2. Rare Earth Elements (REEs): Used in permanent magnets that are vital for wind turbines and electric vehicle motors.
3. Copper and Aluminum: Extensively used in electrical infrastructure, including power lines, renewable energy systems, and energy-efficient buildings.
4. Silicon: Essential for solar panels.
5. Nickel: This metal is essential for stainless steel and alloys but has gained particular importance in battery technology, especially for electric vehicles (EVs), due to its energy density properties.
6. Graphite: Used primarily in the anodes of lithium-ion batteries, graphite is critical for energy storage technologies that support renewable energy systems.
7. Manganese: Vital for steel production and also plays a role in battery technology. It is used in lithium-ion battery cathodes and is considered an alternative to cobalt
8. Zinc and Lead: Important for corrosion-resistant galvanizing and alloys in the construction and automotive industries. Lead is also crucial for batteries, particularly for backup power and energy storage solutions.
9. Tin: Used in soldering, which is essential for electronic circuitry in various technologies, including renewable energy technologies.
10. Titanium: Known for its strength, light weight, and corrosion resistance, titanium is used in aerospace, military, and also in paints and coatings. It plays a role in offshore wind farms where corrosion resistance is crucial.
11. Platinum Group Metals (PGMs): These metals, including platinum, palladium, and rhodium, are critical for catalytic converters, which reduce vehicle emissions, and are also used in fuel cells for clean energy solutions.

Challenges and Solutions

Creating Material Alternatives

while some industries are dependant on materials that are not abundant on earth, the research on alternative solutions that rely more on available materials. For example replacing lithium and rare earth metals in batteries and magnetic materials with more available elements could not only solve the material scarcity but also reduce the cost of their products and processes.

Creating New Approaches

for metal extraction and metal processing technologies such as the recent development in hydrometallurgy and electrochemical processes that offer alternative solutions. However, some of these technologies increases the demand of energy to achieve their products or require rigorous experimentation to reveal the optimal manufacturing conditions and variables.

Diversifying Supply

diversifying supply sources and building efficient supply chains globally and locally are necessary to reduce various risks resulting from over-reliance on certain regions or trade relations.

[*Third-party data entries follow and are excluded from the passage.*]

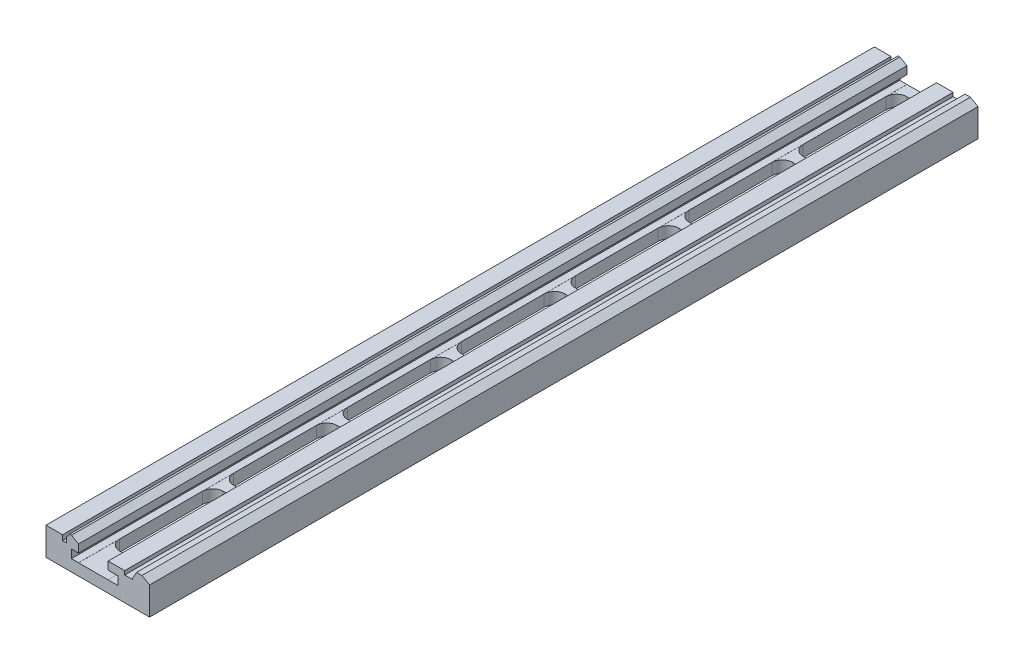
SolidWorks part; units mm, degrees
ref_plane "Front Plane" through (0, 0, 0) normal (0, 0, 1) x (1, 0, 0)
ref_plane "Top Plane" through (0, 0, 0) normal (0, 1, 0) x (1, 0, 0)
ref_plane "Right Plane" through (0, 0, 0) normal (1, 0, 0) x (0, 0, -1)
sketch "Sketch1" plane through (0, 0, 0) normal (0, 0, 1) x (1, 0, 0)
  line L0 (-31.7807, 35.4651) -> (-39.1312, 39.7065)
  line L2 (-131.7807, 35.4651) -> (-131.7807, 8.5548)
  line L3 (-131.7807, 8.5548) -> (-31.7807, 8.5548)
  line L4 (-31.7807, 35.4651) -> (-31.7807, 8.5548)
  line L5 (-39.1312, 39.7065) -> (-44.3271, 39.7065)
  line L6 (-44.3271, 39.7065) -> (-48.4627, 32.5393)
  line L7 (-48.4627, 32.5393) -> (-48.4627, 31.8106)
  line L8 (-48.4627, 31.8106) -> (-55.7807, 31.8106)
  line L9 (-55.7807, 31.8106) -> (-55.7807, 35.4651)
  line L10 (-55.7807, 35.4651) -> (-71.7807, 35.4651)
  line L11 (-71.7807, 35.4651) -> (-71.7807, 19.6844)
  line L12 (-71.7807, 19.6844) -> (-100.3854, 19.6844)
  line L13 (-100.3854, 19.6844) -> (-100.3854, 35.4651)
  line L14 (-100.3854, 35.4651) -> (-107.1606, 39.3745)
  line L15 (-107.1606, 39.3745) -> (-109.0021, 39.3745)
  line L16 (-109.0021, 39.3745) -> (-111.7807, 35.4651)
  line L17 (-111.7807, 35.4651) -> (-111.7807, 30.4817)
  line L18 (-111.7807, 30.4817) -> (-115.7807, 30.4817)
  line L19 (-115.7807, 30.4817) -> (-115.7807, 35.4651)
  line L20 (-115.7807, 35.4651) -> (-131.7807, 35.4651)
  dimension "D1" = 100
  dimension "D2" = 31.3953
  dimension "D3" = 60
  dimension "D4" = 16
  dimension "D5" = 16
  dimension "D6" = 4
extrude "Boss-Extrude1" add sketch "Sketch1" along normal blind 800
sketch "Sketch2" plane through (0, 19.6844, 0) normal (0, 1, 0) x (1, 0, 0)
  line L0 (-100.3854, -800) -> (-100.3854, 0) construction
  line L1 (-90.3854, -10.2914) -> (-81.7807, -10.2914)
  line L2 (-100.3854, -20.2914) -> (-100.3854, -100.2914)
  line L3 (-90.3854, -110.2914) -> (-81.7807, -110.2914)
  line L4 (-71.7807, -20.2914) -> (-71.7807, -100.2914)
  line L5 (-71.7807, -800) -> (-71.7807, 0) construction
  arc A0 (-100.3854, -100.2914) -> (-90.3854, -110.2914) centre (-90.3854, -100.2914) ccw
  arc A1 (-81.7807, -110.2914) -> (-71.7807, -100.2914) centre (-81.7807, -100.2914) ccw
  arc A2 (-81.7807, -10.2914) -> (-71.7807, -20.2914) centre (-81.7807, -20.2914) cw
  arc A3 (-90.3854, -10.2914) -> (-100.3854, -20.2914) centre (-90.3854, -20.2914) ccw
  point P12 (-71.7807, -110.2914)
  point P15 (-71.7807, -10.2914)
  point P18 (-100.3854, -10.2914)
  dimension "D2" = 10
  dimension "D1" = 100
extrude "Cut-Extrude1" cut sketch "Sketch2" against normal blind 800
pattern_linear "LPattern1" count 7 spacing 110 along (0, 0, 1) of "Cut-Extrude1"
sketch "Sketch3" plane through (0, 0, 800) normal (0, 0, 1) x (1, 0, 0)
  line L1 (-62.4385, 19.762) -> (-107.2592, 19.762)
  line L2 (-62.4385, 19.762) -> (-62.4385, 27.8324)
  line L3 (-62.4385, 27.8324) -> (-107.2592, 27.8324)
  line L4 (-107.2592, 19.762) -> (-107.2592, 27.8324)
extrude "Cut-Extrude2" cut sketch "Sketch3" against normal blind 800

Increasing Reuse, Refurbishing, and Recycling Guided by Circular Economy Principles

Increasing products life and Enhancing the capacity to recycle these materials from end-of-life products to reduce dependency on primary materials and decrease environmental impacts.

Research and Development

Investing in alternative materials and technologies that could either replace scarce materials or reduce the quantities needed. Such a transition requires visionary plans and effective change management on the short-term and long term.

Learning from the EU Strategies and Challenges

Regarding the supply of critical raw materials for the green energy transition, the EU current strategies reflect Europe’s sustainable approach for the supply of raw materials essential for the green transition, with several proactive measures being taken.

1. The Critical Raw Materials Act

Europe has identified 30 critical raw materials that are essential for the green and digital transition. This includes lithium, which is crucial for e-mobility, and rare earth elements vital for technologies like electric vehicle motors and wind turbines. The Act aims to reduce dependency on imports, particularly from countries like China, by diversifying supply sources and boosting domestic production and recycling capabilities .

https://ec.europa.eu/newsroom/growth/item-detail.cfm?item_id=686079

2. Supply Chain Challenges

Europe is exploring ways to diversify its supply sources and increase its own production and processing capacities .

https://www.euronews.com/business/2023/03/10/explainer-where-are-the-critical-raw-materials-the-eu-needs-for-its-green-transition

3. Mining and Recycling

Europe faces challenges in scaling up mining due to high energy costs, volatile commodity prices, and environmental concerns. However, the recycling of critical raw materials like copper and rare earth elements is seen as a key area for development. The EU has set ambitious targets to increase recycling capacities to meet a significant portion of its raw material needs by 2030 .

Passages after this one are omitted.